Oh and basically guys the same principle is applied for the stop pin.. Look at the stop and imagine just the squared off end of the tang banging on that pin. In this case you have that flat surface for a tiny little line hitting the stop everytime you open the blade. To increase the surface area of blade coming into contact with the stop makers create a half moon cut out notch in the blade to actually at least in theory spread out the surface area to allow for greater wear. Thats all I'm talking about with the lock contact and if you think it can't be done well, think again. There is always room for improvement if one wants to spend the time and plan and map out the steps to built it in such a way.
STR

That's exactly my thoughts on the matter, though I'm not a knifemaker or aerospace mechanical Engineer. I think doing lockup at the angle is just a way of ensuring the good lockup with minimal effort, because if they try to grind it flat and messup even a little bit doing the opposite angle, then point of contact will move close to the pivot (BAD) and will be there till lock wears in and spreads more evenly. If they mess up more than a little bit, then lockup will never wear in correctly. I think it is a good decision to do it at the "right" angle to be safe, but the good flat lockup is closer to perfection and will "serve" longer.
 
That double tap on Strider tang stamp seems to happen often but it sure doesn't have any effect on the knife. I've seen a few examples of that recently.

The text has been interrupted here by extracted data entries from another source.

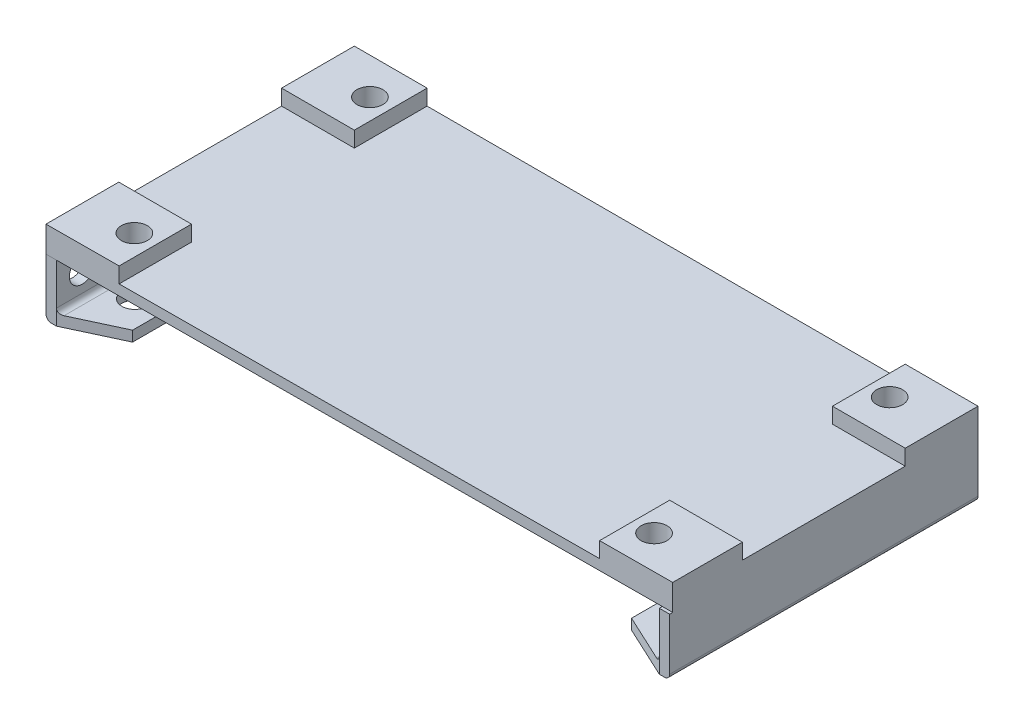
SolidWorks part; units mm, degrees
note: The reader was unsure of these and kept them because the rebuilt part matched: shared geometry of "Sketch3<5>".
material "ABS"
ref_plane "Front Plane" through (0, 0, 0) normal (0, 0, 1) x (1, 0, 0)
ref_plane "Top Plane" through (0, 0, 0) normal (0, 1, 0) x (1, 0, 0)
ref_plane "Right Plane" through (0, 0, 0) normal (1, 0, 0) x (0, 0, -1)
sketch "Sketch1" plane through (0, 0, 0) normal (0, 1, 0) x (1, 0, 0)
  line L0 (-49.0619, -3.3366) -> (-49.0619, -53.3366)
  line L1 (-49.0619, -53.3366) -> (-59.0619, -57.9996)
  line L2 (-59.0619, -57.9996) -> (-59.0619, 1.3265)
  line L3 (-59.0619, 1.3265) -> (-49.0619, -3.3366)
  dimension "D1" = 115
  dimension "D2" = 115
  dimension "D3" = 50
  dimension "D4" = 10
extrude "Boss-Extrude1" add sketch "Sketch1" along normal blind 2
sketch "Sketch2" plane through (-59.0619, 0, 0) normal (-1, 0, 0) x (0, 0, 1)
  line L0 (-1.3265, 0) -> (-1.3265, 11)
  line L1 (-1.3265, 11) -> (57.9996, 11)
  line L2 (57.9996, 11) -> (57.9996, 0)
  line L3 (57.9996, 0) -> (-1.3265, 0)
  line L4 (28.3366, 11) -> (28.3366, -12.7839) construction
  dimension "D1" = 90
  dimension "D2" = 11
extrude "Boss-Extrude2" add sketch "Sketch2" along normal blind 2
fillet "Fillet1" radius 1 2 edges at (-61.0619, 0, 28.3366) (-59.0619, 2, 28.3366)
sketch "Sketch3" plane through (0, 11, 0) normal (0, 1, 0) x (1, 0, 0)
  line L0 (-61.0619, 1.3265) -> (58.9381, 1.3265)
  line L1 (58.9381, -12.6735) -> (58.9381, -57.4134)
  line L2 (58.9381, -57.4134) -> (-61.0619, -57.9996)
  line L3 (-61.0619, -57.9996) -> (-61.0619, -12.6735)
  line L4 (-1.0619, -57.7065) -> (-1.0619, 16.926) construction
  line L5 (-61.0619, -28.3366) -> (21.5138, -28.3366) construction
  line L6 (58.9381, -12.6735) -> (44.9381, -12.6735)
  line L7 (-61.0619, 1.3265) -> (-47.0619, 1.3265)
  line L9 (-61.0619, -12.6735) -> (-47.0619, -12.6735)
  line L10 (-47.0619, 1.3265) -> (-47.0619, -12.6735)
  line L11 (58.9381, 1.3265) -> (44.9381, 1.3265)
  line L13 (44.9381, 1.3265) -> (44.9381, -12.6735)
  line L15 (58.9381, -43.9996) -> (44.9381, -43.9996)
  line L16 (44.9381, -57.9996) -> (44.9381, -43.9996)
  line L17 (-61.0619, -43.9996) -> (-47.0619, -43.9996)
  line L18 (-47.0619, -57.9996) -> (-47.0619, -43.9996)
  line L19 (-61.0619, -43.9996) -> (-61.0619, -57.9996)
  line L20 (58.9381, -43.9996) -> (58.9381, -57.4134)
  line L23 (58.9381, 1.3265) -> (58.9381, -12.6735)
  line L24 (-61.0619, 1.3265) -> (-61.0619, -12.6735)
  circle A0 centre (-51.0619, -5.6735) radius 2.5
  circle A2 centre (-51.0619, -50.9996) radius 2.5
  circle A3 centre (48.9381, -50.9996) radius 2.5
  circle A4 centre (48.9381, -5.6735) radius 2.5
  line M4 (-59.0619, -57.9996) -> (-59.0619, 1.3265)
  line M6 (-59.0619, 1.3265) -> (-61.0619, 1.3265)
  line M7 (-61.0619, 1.3265) -> (-61.0619, -57.9996)
  dimension "D2" = 5
  dimension "D1" = 120
  dimension "D3" = 7
  dimension "D4" = 10
  dimension "D5" = 14
  dimension "D6" = 14
extrude "Boss-Extrude3" add sketch "Sketch3" along normal blind 2 contours L18 L2 L16 L15 L1 L6 L13 L0 L10 L9 L17 M4 | L23 L0 L13 L6 A4 | L16 L2 L1 L15 A3 | L2 L18 L17 A2 M4 | L10 L0 L9 A0 M4 | L17 L9 M7 M4 | L9 M7 M4 M6 | L17 L3 L2 M4 | L24
ref_plane "Plane1" through (-1.0619, 0, 0) normal (-1, 0, 0) x (0, 0, 1)
mirror "Mirror1" about plane through (-1.0619, 0, 0) normal (-1, 0, 0) of "Boss-Extrude1", "Boss-Extrude2"
mirror "Mirror2" about plane through (-1.0619, 0, 0) normal (-1, 0, 0) of "Boss-Extrude1"
fillet "Fillet3" radius 1 2 edges at (56.9381, 2, 28.3366) (58.9381, 0, 28.3366)
sketch "Sketch4" plane through (-61.0619, 0, 0) normal (-1, 0, 0) x (0, 0, 1)
  line L0 (-1.3265, 13) -> (-1.3265, 1) construction
  line L1 (28.3366, 13) -> (28.3366, -12.5526) construction
  circle A0 centre (3.6735, 7) radius 2.5
  circle A1 centre (52.9996, 7) radius 2.5
  point P5 (-1.3265, 7)
  dimension "D1" = 5
  dimension "D2" = 5
extrude "Cut-Extrude1" cut sketch "Sketch4" against normal up to surface (2 mm away) up to face at (-59.0619, 7.8, 34.2672)
extrude "Boss-Extrude5" add sketch "Sketch3<5>" along normal blind 3 from surface contours L10 L0 L9 A0 M4 | L9 M7 M4 M6 | L2 L18 L17 A2 M4 | L17 L3 L2 M4 | L16 L2 L1 L15 A3 | L23 L0 L13 L6 A4 | L24
sketch "Sketch3<5>" plane through (0, 11, 0) normal (0, 1, 0) x (1, 0, 0) same geometry as "Sketch3"
sketch "Sketch5" plane through (0, 0, 0) normal (0, -1, 0) x (1, 0, 0)
  line L1 (-59.0619, 57.9996) -> (-49.0619, 53.3366) construction
  line L2 (-60.0619, 28.3366) -> (61.1887, 28.3366) construction
  line L3 (-60.0619, 57.9996) -> (-60.0619, -1.3265) construction
  line L4 (-1.0619, 8.25) -> (-1.0619, -8.25) construction
  circle A0 centre (-54.0619, 47.9039) radius 2.5
  circle A1 centre (51.9381, 47.9039) radius 2.5
  circle A2 centre (51.9381, 8.7692) radius 2.5
  circle A3 centre (-54.0619, 8.7692) radius 2.5
  point P5 (-54.0619, 55.6681)
  dimension "D1" = 5
extrude "Cut-Extrude2" cut sketch "Sketch5" against normal up to surface (2 mm away) up to face at (-53.5619, 2, 28.3366)

Regardless of that or any other derog toward Strider, I think their knives rock and I plan to have more than the one I have now. Granted, I got my SMF CC SW from another fine BF member ina trade so I knew I was getting a good one but I fully plan on buying a brand new Strider soon as well. Not sure whch one yet but I promise I will have another.

Yes, I think they cost too much but I doubt Strider will lower the price just for me so if I want one, I have to pony up :)
 
That double tap on Strider tang stamp seems to happen often but it sure doesn't have any effect on the knife. I've seen a few examples of that recently.

Regardless of that or any other derog toward Strider, I think their knives rock and I plan to have more than the one I have now. Granted, I got my SMF CC SW from another fine BF member ina trade so I knew I was getting a good one but I fully plan on buying a brand new Strider soon as well. Not sure whch one yet but I promise I will have another.

Yes, I think they cost too much but I doubt Strider will lower the price just for me so if I want one, I have to pony up :)

Good for you.:thumbup: I have never got a less than perfect Strider new or used. I love them. You either understand what a Strider knife is all about or you dont.